Work request: In the records below, which lines include "circle"? Copy them.

Stored data:

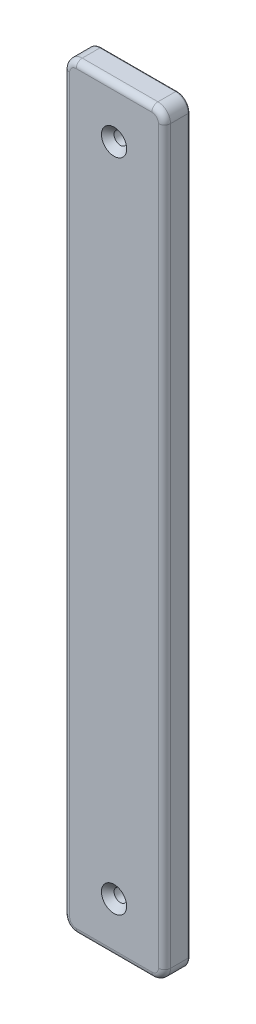
SolidWorks part; units mm, degrees
ref_plane "Front" through (0, 0, 0) normal (0, 0, 1) x (1, 0, 0)
ref_plane "Top" through (0, 0, 0) normal (0, 1, 0) x (1, 0, 0)
ref_plane "Right" through (0, 0, 0) normal (1, 0, 0) x (0, 0, -1)
sketch "Sketch1" plane through (0, 0, 0) normal (0, 0, 1) x (1, 0, 0)
  line L0 (0, 190.5) -> (0, -190.5) construction
  line L1 (25.4, -190.5) -> (-25.4, -190.5)
  line L2 (25.4, -190.5) -> (25.4, 190.5)
  line L3 (-25.4, 190.5) -> (25.4, 190.5)
  line L4 (-25.4, 190.5) -> (-25.4, -190.5)
  dimension "D1" = 381
  dimension "D3" = 50.8
extrude "Base-Extrude" add sketch "Sketch1" along normal blind 12.7
sketch "Sketch2" plane through (0, 0, 12.7) normal (0, 0, 1) x (1, 0, 0)
  line L0 (0, 0) -> (71.1, 0) construction
  line L1 (0, 190.5) -> (0, -190.5) construction
  line L2 (-25.4, 190.5) -> (25.4, 190.5) construction
  line L3 (25.4, -190.5) -> (-25.4, -190.5) construction
  circle A1 centre (0, -165.1) radius 3.175
  circle A3 centre (0, 165.1) radius 3.175
  dimension "D2" = 6.35
  dimension "D1" = 330.2
extrude "Cut-Extrude1" cut sketch "Sketch2" against normal through all
chamfer "Chamfer1" distance 3.175 angle 45 2 edges at (3.175, 165.1, 12.7) (3.175, -165.1, 12.7)
fillet "Fillet1" radius 6.35 4 edges at (25.4, -190.5, 6.35) (-25.4, -190.5, 6.35) (-25.4, 190.5, 6.35) (25.4, 190.5, 6.35)
fillet "Fillet2" radius 3.048 8 edges at (-23.5401, 188.6401, 12.7) (0, 190.5, 12.7) (23.5401, 188.6401, 12.7) (25.4, 0, 12.7) (23.5401, -188.6401, 12.7) (0, -190.5, 12.7) (-23.5401, -188.6401, 12.7) (-25.4, 0, 12.7)
shell "Shell1" thickness 1.524
ref_plane "Plane1" through (0, 0, 1.524) normal (0, 0, -1) x (-1, 0, 0)
sketch "Sketch3" plane through (0, 0, 1.524) normal (0, 0, -1) x (-1, 0, 0)
  line L0 (0, 165.1) -> (0, -165.1)
rib "Rib1" sketch "Sketch3" sketch "Sketch3" thickness 1.524 extrusion direction normal to sketch draft on yes draft angle 3 parameters "D1"=1.524, "D3"=3
fillet "Fillet3" radius 0.803 6 edges at (0, 160.401, 1.524) (0.762, 0, 1.524) (0, -160.401, 1.524) (0.956, -160.4993, 5.2249) (-0.762, 0, 1.524) (-0.956, -160.4993, 5.2249)
fillet "Fillet4" radius 0.762 16 edges at (25.4, 0, 0) (0, -190.5, 0) (-25.4, 0, 0) (0, 190.5, 0) (23.5401, 188.6401, 0) (-23.5401, 188.6401, 0) (-23.5401, -188.6401, 0) (23.5401, -188.6401, 0) (23.876, 0, 0) (-23.876, 0, 0) (22.4625, -187.5625, 0) (0, -188.976, 0) (-22.4625, -187.5625, 0) (-22.4625, 187.5625, 0) (0, 188.976, 0) (22.4625, 187.5625, 0)
fillet "Fillet5" radius 2.54 2 edges at (0, -169.799, 8.8937) (0, 169.799, 8.8937)

Response area:
  circle A1 centre (0, -165.1) radius 3.175
  circle A3 centre (0, 165.1) radius 3.175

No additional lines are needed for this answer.